37℃のグラビティ
結局……


一睡も出来ないまま、辿りついた街。


バスのステップを降りながら、思わず欠伸を噛みしめる。


「お前、まさか一睡もしてないとか?」


「なんか……色々考えたら、眠れなくなっちゃって」


「寝不足でぶっ倒れるとか、勘弁しろよな」


「大丈夫だって。体力だけは自信あるもん」


「てか、腹減った」


時間はまだ朝の6時過ぎ。


新海の言葉に、一番近いファミレスへと向かう事にして、少しだけ懐かしい見慣れた景色の中を歩く。
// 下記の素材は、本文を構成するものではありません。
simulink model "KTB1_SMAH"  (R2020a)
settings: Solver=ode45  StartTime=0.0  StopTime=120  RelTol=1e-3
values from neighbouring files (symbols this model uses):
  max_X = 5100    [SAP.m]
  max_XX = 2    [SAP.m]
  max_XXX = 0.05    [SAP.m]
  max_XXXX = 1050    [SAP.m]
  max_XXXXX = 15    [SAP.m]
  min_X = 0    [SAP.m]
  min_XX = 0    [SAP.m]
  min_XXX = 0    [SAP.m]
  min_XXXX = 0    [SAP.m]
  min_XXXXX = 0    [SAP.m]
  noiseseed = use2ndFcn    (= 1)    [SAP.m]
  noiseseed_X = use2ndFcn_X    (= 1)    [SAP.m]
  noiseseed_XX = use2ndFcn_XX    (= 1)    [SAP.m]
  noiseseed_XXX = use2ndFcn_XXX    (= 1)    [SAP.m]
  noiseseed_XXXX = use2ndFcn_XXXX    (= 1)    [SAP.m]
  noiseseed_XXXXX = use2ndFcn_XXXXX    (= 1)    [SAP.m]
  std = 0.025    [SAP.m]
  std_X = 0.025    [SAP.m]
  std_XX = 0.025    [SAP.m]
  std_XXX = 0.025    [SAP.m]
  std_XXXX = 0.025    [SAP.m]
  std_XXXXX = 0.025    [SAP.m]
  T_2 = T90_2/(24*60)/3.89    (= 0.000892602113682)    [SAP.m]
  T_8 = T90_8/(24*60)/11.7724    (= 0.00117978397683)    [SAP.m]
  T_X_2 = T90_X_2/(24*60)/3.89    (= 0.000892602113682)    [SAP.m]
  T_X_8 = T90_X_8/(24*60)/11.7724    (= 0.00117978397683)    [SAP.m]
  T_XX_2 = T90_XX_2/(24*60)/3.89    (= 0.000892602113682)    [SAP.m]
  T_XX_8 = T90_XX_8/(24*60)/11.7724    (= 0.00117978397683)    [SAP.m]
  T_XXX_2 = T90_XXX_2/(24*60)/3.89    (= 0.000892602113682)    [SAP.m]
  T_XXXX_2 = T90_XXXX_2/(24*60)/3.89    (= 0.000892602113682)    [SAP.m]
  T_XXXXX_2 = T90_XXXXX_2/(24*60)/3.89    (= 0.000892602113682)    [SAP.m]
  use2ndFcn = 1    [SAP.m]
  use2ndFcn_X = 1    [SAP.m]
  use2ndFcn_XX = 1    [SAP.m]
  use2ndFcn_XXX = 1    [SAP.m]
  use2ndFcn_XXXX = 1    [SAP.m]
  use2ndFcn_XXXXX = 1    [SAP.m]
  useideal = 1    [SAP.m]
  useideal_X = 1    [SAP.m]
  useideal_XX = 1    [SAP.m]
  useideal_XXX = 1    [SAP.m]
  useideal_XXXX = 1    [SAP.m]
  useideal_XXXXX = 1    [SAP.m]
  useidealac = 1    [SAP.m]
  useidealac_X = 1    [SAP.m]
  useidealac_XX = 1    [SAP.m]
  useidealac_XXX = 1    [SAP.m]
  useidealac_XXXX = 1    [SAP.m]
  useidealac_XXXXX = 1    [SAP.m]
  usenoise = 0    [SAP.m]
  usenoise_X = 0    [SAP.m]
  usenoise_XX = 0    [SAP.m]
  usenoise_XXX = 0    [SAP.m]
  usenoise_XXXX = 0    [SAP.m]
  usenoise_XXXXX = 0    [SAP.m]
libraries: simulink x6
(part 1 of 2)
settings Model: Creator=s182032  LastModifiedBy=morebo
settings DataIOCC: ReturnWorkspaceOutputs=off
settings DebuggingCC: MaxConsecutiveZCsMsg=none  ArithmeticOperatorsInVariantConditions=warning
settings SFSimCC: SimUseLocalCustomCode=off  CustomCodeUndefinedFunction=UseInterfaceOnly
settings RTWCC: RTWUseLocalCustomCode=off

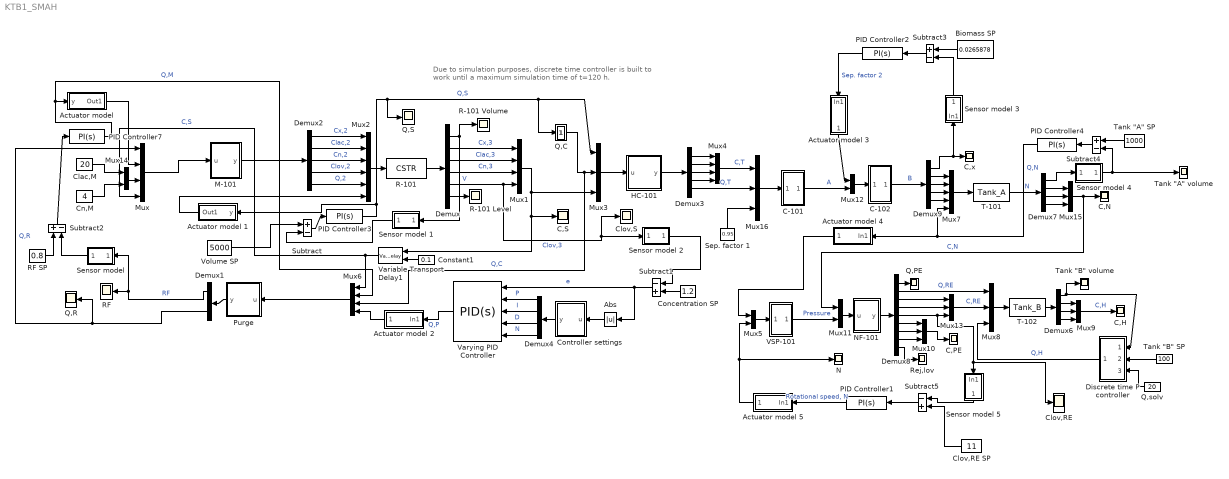
== system KTB1_SMAH ==
  note: Due to simulation purposes, discrete time controller is built to work until a maximum simulation time of t=120 h.
  Abs : Abs
  Actuator model : Subsystem
  Actuator model 1 : Subsystem
  Actuator model 2 : Subsystem
  Actuator model 3 : Subsystem
  Actuator model 4 : Subsystem
  Actuator model 5 : Subsystem
  Biomass SP : Constant  Value=0.0265878
  C,H : Scope
  C,N : Scope
  C,PE : Scope
  C,S : Scope
  C,x : Scope
  C-101 : MATLAB Function  TreatAsAtomicUnit=on
  C-102 : MATLAB Function  TreatAsAtomicUnit=on
  Clac,M : Constant  Value=20
  Clov,RE : Scope
  Clov,RE SP : Constant  Value=11
  Clov,S : Scope
  Cn,M : Constant  Value=4
  Concentration SP : Constant  Value=1.2
  Constant1 : Constant  Value=0.1
  Controller settings : MATLAB Function  TreatAsAtomicUnit=on
  Demux : Demux  Outputs=6
  Demux1 : Demux  Outputs=2
  Demux2 : Demux  Outputs=5
  Demux3 : Demux  Outputs=5
  Demux4 : Demux
  Demux6 : Demux
  Demux7 : Demux
  Demux8 : Demux  Outputs=9
  Demux9 : Demux  Outputs=5
  Discrete time P controller : Subsystem
  HC-101 : MATLAB Function  TreatAsAtomicUnit=on
  M-101 : MATLAB Function  TreatAsAtomicUnit=on
  Mux{,1,4,6} (4 alike) : Mux
  Mux{3,8..10,13,15..16} (7 alike) : Mux  Inputs=3
  Mux{5,11..12,14} (4 alike) : Mux  Inputs=2
  Mux2 : Mux  Inputs=6
  Mux7 : Mux  Inputs=5
  N : Scope
  NF-101 : MATLAB Function  TreatAsAtomicUnit=on
  PID Controller1 : simulink/Continuous/PID Controller  Controller=PI  Form=Parallel  TimeDomain=Continuous-time  UseExternalTs=off  SampleTime=-1  IntegratorMethod=Forward Euler  FilterMethod=Forward Euler  ControllerParametersSource=internal  P=0.234567821807165  I=0.999999996666666*0.234567821807165  D=0  UseFilter=on  N=100  TunerSelectOption=Transfer Function Based (PID Tuner App)  InitialConditionSource=internal  InitialConditionForIntegrator=3000  InitialConditionForFilter=0  DifferentiatorICPrevScaledInput=0  ExternalReset=none  TrackingMode=off  Kt=1  LimitOutput=on  UpperSaturationLimit=inf  LowerSaturationLimit=0  LinearizeAsGain=on  AntiWindupMode=clamping  Kb=1  POutMin=[]  POutMax=[]  IOutMin=[]  IOutMax=[]  DOutMin=[]  DOutMax=[]  NOutMin=[]  NOutMax=[]  SumOutMin=[]  SumOutMax=[]  SaturationOutMin=[]  SaturationOutMax=[]  PParamMin=[]  PParamMax=[]  IParamMin=[]  IParamMax=[]  DParamMin=[]  DParamMax=[]  NParamMin=[]  NParamMax=[]  KbParamMin=[]  KbParamMax=[]  KtParamMin=[]  KtParamMax=[]  KbOutMin=[]  KbOutMax=[]  KtOutMin=[]  KtOutMax=[]  IntegratorOutMin=[]  IntegratorOutMax=[]  FilterOutMin=[]  FilterOutMax=[]  SumI1OutMin=[]  SumI1OutMax=[]  SumI2OutMin=[]  SumI2OutMax=[]  SumI3OutMin=[]  SumI3OutMax=[]  SumI4OutMin=[]  SumI4OutMax=[]  SumDOutMin=[]  SumDOutMax=[]  DifferentiatorOutMin=[]  DifferentiatorOutMax=[]  FilterDiffOutCoefMin=[]  FilterDiffOutCoefMax=[]  ReciprocalOutMin=[]  ReciprocalOutMax=[]  SumDenOutMin=[]  SumDenOutMax=[]  SumNumOutMin=[]  SumNumOutMax=[]  DivideOutMin=[]  DivideOutMax=[]  UdiffTsProdOutMin=[]  UdiffTsProdOutMax=[]  NTsProdOutMin=[]  NTsProdOutMax=[]  UintegralTsProdOutMin=[]  UintegralTsProdOutMax=[]  UngainTsProdOutMin=[]  UngainTsProdOutMax=[]  IntegratorContinuousStateAttributes=''  IntegratorStateMustResolveToSignalObject=off  IntegratorRTWStateStorageClass=Auto  FilterContinuousStateAttributes=''  FilterStateMustResolveToSignalObject=off  FilterRTWStateStorageClass=Auto  ParallelPVariant=InternalParameters  IdealPVariant=Disabled  IVariant=InternalParameters  DVariant=Disabled  IntegratorVariant=Continuous  SatVariant=Enabled  AWVariant=ContClampingParallel  PCopyVariant=Disabled  TRVariant=Disabled  FdbkBlocksVariant=Forward  IdealPFdbkVariant=Disabled  SatFdbkVariant=Disabled  DerivativeFilterVariant=Disabled  NVariant=Disabled  NCopyVariant=Disabled_SignalSpec  FilterICVariant=Disabled  IntegratorICVariant=InternalICs  ExternalResetVariant=Disabled  TRSumVariant=Passthrough  SumFdbkVariant=Disabled  SumVariant=Sum_PI  TsampFilterVariant=InternalTs  TsampNgainVariant=Passthrough  TsampIntegralVariant=Passthrough
  PID Controller2 : simulink/Continuous/PID Controller  Controller=PI  Form=Parallel  TimeDomain=Continuous-time  UseExternalTs=off  SampleTime=-1  IntegratorMethod=Forward Euler  FilterMethod=Forward Euler  ControllerParametersSource=internal  P=-0.000476190628986061  I=9.99999996666667*(-0.000476190628986061)  D=0  UseFilter=on  N=100  TunerSelectOption=Transfer Function Based (PID Tuner App)  InitialConditionSource=internal  InitialConditionForIntegrator=0.95  InitialConditionForFilter=0  DifferentiatorICPrevScaledInput=0  ExternalReset=none  TrackingMode=off  Kt=1  LimitOutput=on  UpperSaturationLimit=0.98  LowerSaturationLimit=0  LinearizeAsGain=on  AntiWindupMode=clamping  Kb=1  POutMin=[]  POutMax=[]  IOutMin=[]  IOutMax=[]  DOutMin=[]  DOutMax=[]  NOutMin=[]  NOutMax=[]  SumOutMin=[]  SumOutMax=[]  SaturationOutMin=[]  SaturationOutMax=[]  PParamMin=[]  PParamMax=[]  IParamMin=[]  IParamMax=[]  DParamMin=[]  DParamMax=[]  NParamMin=[]  NParamMax=[]  KbParamMin=[]  KbParamMax=[]  KtParamMin=[]  KtParamMax=[]  KbOutMin=[]  KbOutMax=[]  KtOutMin=[]  KtOutMax=[]  IntegratorOutMin=[]  IntegratorOutMax=[]  FilterOutMin=[]  FilterOutMax=[]  SumI1OutMin=[]  SumI1OutMax=[]  SumI2OutMin=[]  SumI2OutMax=[]  SumI3OutMin=[]  SumI3OutMax=[]  SumI4OutMin=[]  SumI4OutMax=[]  SumDOutMin=[]  SumDOutMax=[]  DifferentiatorOutMin=[]  DifferentiatorOutMax=[]  FilterDiffOutCoefMin=[]  FilterDiffOutCoefMax=[]  ReciprocalOutMin=[]  ReciprocalOutMax=[]  SumDenOutMin=[]  SumDenOutMax=[]  SumNumOutMin=[]  SumNumOutMax=[]  DivideOutMin=[]  DivideOutMax=[]  UdiffTsProdOutMin=[]  UdiffTsProdOutMax=[]  NTsProdOutMin=[]  NTsProdOutMax=[]  UintegralTsProdOutMin=[]  UintegralTsProdOutMax=[]  UngainTsProdOutMin=[]  UngainTsProdOutMax=[]  IntegratorContinuousStateAttributes=''  IntegratorStateMustResolveToSignalObject=off  IntegratorRTWStateStorageClass=Auto  FilterContinuousStateAttributes=''  FilterStateMustResolveToSignalObject=off  FilterRTWStateStorageClass=Auto  ParallelPVariant=InternalParameters  IdealPVariant=Disabled  IVariant=InternalParameters  DVariant=Disabled  IntegratorVariant=Continuous  SatVariant=Enabled  AWVariant=ContClampingParallel  PCopyVariant=Disabled  TRVariant=Disabled  FdbkBlocksVariant=Forward  IdealPFdbkVariant=Disabled  SatFdbkVariant=Disabled  DerivativeFilterVariant=Disabled  NVariant=Disabled  NCopyVariant=Disabled_SignalSpec  FilterICVariant=Disabled  IntegratorICVariant=InternalICs  ExternalResetVariant=Disabled  TRSumVariant=Passthrough  SumFdbkVariant=Disabled  SumVariant=Sum_PI  TsampFilterVariant=InternalTs  TsampNgainVariant=Passthrough  TsampIntegralVariant=Passthrough
  PID Controller3 : simulink/Continuous/PID Controller  Controller=PI  Form=Parallel  TimeDomain=Continuous-time  UseExternalTs=off  SampleTime=-1  IntegratorMethod=Forward Euler  FilterMethod=Forward Euler  ControllerParametersSource=internal  P=-1/0.4/0.2  I=-1/0.4/0.2/4/0.2  D=0  UseFilter=on  N=100  TunerSelectOption=Transfer Function Based (PID Tuner App)  InitialConditionSource=internal  InitialConditionForIntegrator=64.0830509473650  InitialConditionForFilter=0  DifferentiatorICPrevScaledInput=0  ExternalReset=none  TrackingMode=off  Kt=1  LimitOutput=on  UpperSaturationLimit=inf  LowerSaturationLimit=0  LinearizeAsGain=on  AntiWindupMode=clamping  Kb=1  POutMin=[]  POutMax=[]  IOutMin=[]  IOutMax=[]  DOutMin=[]  DOutMax=[]  NOutMin=[]  NOutMax=[]  SumOutMin=[]  SumOutMax=[]  SaturationOutMin=[]  SaturationOutMax=[]  PParamMin=[]  PParamMax=[]  IParamMin=[]  IParamMax=[]  DParamMin=[]  DParamMax=[]  NParamMin=[]  NParamMax=[]  KbParamMin=[]  KbParamMax=[]  KtParamMin=[]  KtParamMax=[]  KbOutMin=[]  KbOutMax=[]  KtOutMin=[]  KtOutMax=[]  IntegratorOutMin=[]  IntegratorOutMax=[]  FilterOutMin=[]  FilterOutMax=[]  SumI1OutMin=[]  SumI1OutMax=[]  SumI2OutMin=[]  SumI2OutMax=[]  SumI3OutMin=[]  SumI3OutMax=[]  SumI4OutMin=[]  SumI4OutMax=[]  SumDOutMin=[]  SumDOutMax=[]  DifferentiatorOutMin=[]  DifferentiatorOutMax=[]  FilterDiffOutCoefMin=[]  FilterDiffOutCoefMax=[]  ReciprocalOutMin=[]  ReciprocalOutMax=[]  SumDenOutMin=[]  SumDenOutMax=[]  SumNumOutMin=[]  SumNumOutMax=[]  DivideOutMin=[]  DivideOutMax=[]  UdiffTsProdOutMin=[]  UdiffTsProdOutMax=[]  NTsProdOutMin=[]  NTsProdOutMax=[]  UintegralTsProdOutMin=[]  UintegralTsProdOutMax=[]  UngainTsProdOutMin=[]  UngainTsProdOutMax=[]  IntegratorContinuousStateAttributes=''  IntegratorStateMustResolveToSignalObject=off  IntegratorRTWStateStorageClass=Auto  FilterContinuousStateAttributes=''  FilterStateMustResolveToSignalObject=off  FilterRTWStateStorageClass=Auto  ParallelPVariant=InternalParameters  IdealPVariant=Disabled  IVariant=InternalParameters  DVariant=Disabled  IntegratorVariant=Continuous  SatVariant=Enabled  AWVariant=ContClampingParallel  PCopyVariant=Disabled  TRVariant=Disabled  FdbkBlocksVariant=Forward  IdealPFdbkVariant=Disabled  SatFdbkVariant=Disabled  DerivativeFilterVariant=Disabled  NVariant=Disabled  NCopyVariant=Disabled_SignalSpec  FilterICVariant=Disabled  IntegratorICVariant=InternalICs  ExternalResetVariant=Disabled  TRSumVariant=Passthrough  SumFdbkVariant=Disabled  SumVariant=Sum_PI  TsampFilterVariant=InternalTs  TsampNgainVariant=Passthrough  TsampIntegralVariant=Passthrough
  PID Controller4 : simulink/Continuous/PID Controller  Controller=PI  Form=Parallel  TimeDomain=Continuous-time  UseExternalTs=off  SampleTime=-1  IntegratorMethod=Forward Euler  FilterMethod=Forward Euler  ControllerParametersSource=internal  P=-1/140  I=-1/4/140/140  D=0  UseFilter=on  N=100  TunerSelectOption=Transfer Function Based (PID Tuner App)  InitialConditionSource=internal  InitialConditionForIntegrator=25.6332203789471  InitialConditionForFilter=0  DifferentiatorICPrevScaledInput=0  ExternalReset=none  TrackingMode=off  Kt=1  LimitOutput=on  UpperSaturationLimit=inf  LowerSaturationLimit=0  LinearizeAsGain=on  AntiWindupMode=clamping  Kb=1  POutMin=[]  POutMax=[]  IOutMin=[]  IOutMax=[]  DOutMin=[]  DOutMax=[]  NOutMin=[]  NOutMax=[]  SumOutMin=[]  SumOutMax=[]  SaturationOutMin=[]  SaturationOutMax=[]  PParamMin=[]  PParamMax=[]  IParamMin=[]  IParamMax=[]  DParamMin=[]  DParamMax=[]  NParamMin=[]  NParamMax=[]  KbParamMin=[]  KbParamMax=[]  KtParamMin=[]  KtParamMax=[]  KbOutMin=[]  KbOutMax=[]  KtOutMin=[]  KtOutMax=[]  IntegratorOutMin=[]  IntegratorOutMax=[]  FilterOutMin=[]  FilterOutMax=[]  SumI1OutMin=[]  SumI1OutMax=[]  SumI2OutMin=[]  SumI2OutMax=[]  SumI3OutMin=[]  SumI3OutMax=[]  SumI4OutMin=[]  SumI4OutMax=[]  SumDOutMin=[]  SumDOutMax=[]  DifferentiatorOutMin=[]  DifferentiatorOutMax=[]  FilterDiffOutCoefMin=[]  FilterDiffOutCoefMax=[]  ReciprocalOutMin=[]  ReciprocalOutMax=[]  SumDenOutMin=[]  SumDenOutMax=[]  SumNumOutMin=[]  SumNumOutMax=[]  DivideOutMin=[]  DivideOutMax=[]  UdiffTsProdOutMin=[]  UdiffTsProdOutMax=[]  NTsProdOutMin=[]  NTsProdOutMax=[]  UintegralTsProdOutMin=[]  UintegralTsProdOutMax=[]  UngainTsProdOutMin=[]  UngainTsProdOutMax=[]  IntegratorContinuousStateAttributes=''  IntegratorStateMustResolveToSignalObject=off  IntegratorRTWStateStorageClass=Auto  FilterContinuousStateAttributes=''  FilterStateMustResolveToSignalObject=off  FilterRTWStateStorageClass=Auto  ParallelPVariant=InternalParameters  IdealPVariant=Disabled  IVariant=InternalParameters  DVariant=Disabled  IntegratorVariant=Continuous  SatVariant=Enabled  AWVariant=ContClampingParallel  PCopyVariant=Disabled  TRVariant=Disabled  FdbkBlocksVariant=Forward  IdealPFdbkVariant=Disabled  SatFdbkVariant=Disabled  DerivativeFilterVariant=Disabled  NVariant=Disabled  NCopyVariant=Disabled_SignalSpec  FilterICVariant=Disabled  IntegratorICVariant=InternalICs  ExternalResetVariant=Disabled  TRSumVariant=Passthrough  SumFdbkVariant=Disabled  SumVariant=Sum_PI  TsampFilterVariant=InternalTs  TsampNgainVariant=Passthrough  TsampIntegralVariant=Passthrough
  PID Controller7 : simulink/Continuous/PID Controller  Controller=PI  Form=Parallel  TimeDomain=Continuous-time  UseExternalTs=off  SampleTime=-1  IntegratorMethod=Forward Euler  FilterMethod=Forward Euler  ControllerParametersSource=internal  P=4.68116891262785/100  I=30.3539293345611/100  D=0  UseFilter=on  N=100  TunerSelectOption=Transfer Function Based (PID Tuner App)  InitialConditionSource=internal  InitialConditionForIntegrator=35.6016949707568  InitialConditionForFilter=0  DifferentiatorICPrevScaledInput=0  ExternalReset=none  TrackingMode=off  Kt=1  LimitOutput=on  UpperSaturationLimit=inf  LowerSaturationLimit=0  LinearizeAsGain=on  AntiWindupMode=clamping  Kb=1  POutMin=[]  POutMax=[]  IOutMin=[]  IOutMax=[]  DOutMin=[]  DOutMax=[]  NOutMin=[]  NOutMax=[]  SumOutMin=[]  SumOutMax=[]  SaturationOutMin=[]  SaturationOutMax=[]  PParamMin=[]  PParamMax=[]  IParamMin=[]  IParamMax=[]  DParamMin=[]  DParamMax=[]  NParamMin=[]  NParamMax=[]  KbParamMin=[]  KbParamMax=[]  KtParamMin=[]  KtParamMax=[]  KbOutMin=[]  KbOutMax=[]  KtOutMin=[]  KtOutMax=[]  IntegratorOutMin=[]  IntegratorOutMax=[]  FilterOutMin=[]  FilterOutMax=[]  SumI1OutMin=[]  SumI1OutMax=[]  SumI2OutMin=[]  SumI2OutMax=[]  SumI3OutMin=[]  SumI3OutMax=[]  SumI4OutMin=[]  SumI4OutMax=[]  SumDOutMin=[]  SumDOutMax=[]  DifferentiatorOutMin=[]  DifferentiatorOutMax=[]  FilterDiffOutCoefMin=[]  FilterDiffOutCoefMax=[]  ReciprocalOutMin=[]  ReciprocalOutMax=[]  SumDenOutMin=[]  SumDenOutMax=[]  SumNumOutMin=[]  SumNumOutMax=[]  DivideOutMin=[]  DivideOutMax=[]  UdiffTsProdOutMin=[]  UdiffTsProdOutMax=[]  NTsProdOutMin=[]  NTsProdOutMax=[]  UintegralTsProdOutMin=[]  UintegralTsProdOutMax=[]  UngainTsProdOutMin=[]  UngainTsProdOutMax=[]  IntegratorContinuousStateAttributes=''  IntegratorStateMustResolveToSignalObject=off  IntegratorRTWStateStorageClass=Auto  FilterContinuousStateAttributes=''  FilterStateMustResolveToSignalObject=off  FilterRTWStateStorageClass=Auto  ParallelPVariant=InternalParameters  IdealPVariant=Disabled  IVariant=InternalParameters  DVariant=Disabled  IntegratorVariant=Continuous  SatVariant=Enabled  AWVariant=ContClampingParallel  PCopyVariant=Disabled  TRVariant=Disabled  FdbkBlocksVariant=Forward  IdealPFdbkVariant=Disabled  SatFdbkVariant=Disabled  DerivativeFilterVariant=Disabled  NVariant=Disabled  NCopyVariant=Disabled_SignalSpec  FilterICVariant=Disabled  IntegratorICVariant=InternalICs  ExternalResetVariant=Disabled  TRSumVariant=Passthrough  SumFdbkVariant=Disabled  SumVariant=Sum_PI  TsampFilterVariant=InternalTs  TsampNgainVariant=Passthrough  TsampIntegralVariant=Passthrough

三歩先を歩く背中に、アタシが思わず吹き出すと、新海が怪訝な顔で振り返った。


「何笑ってんだよ」


「なんでここに新海くんがいるんだろう? って不意に思ったら、なんかおかしくて」


「なんで俺がここにいるか、お前が一番よく知ってんだろ」


「そういう事じゃなくてさ。なんていうか……この景色の中に、新海くんがいるのが不思議っていうか……」


「それは俺のセリフ。バーカ」


新海は涼しい顔で、トドメの一撃。


だけど。


何でも言いたい放題、言ってくれる新海との会話は、気心の知れた友達と話してるみたいで、なんだかほっとする。


おまけに近距離の新海にもだいぶ免疫が出来て、あんまり緊張しなくなった気もしないでもないし? ね。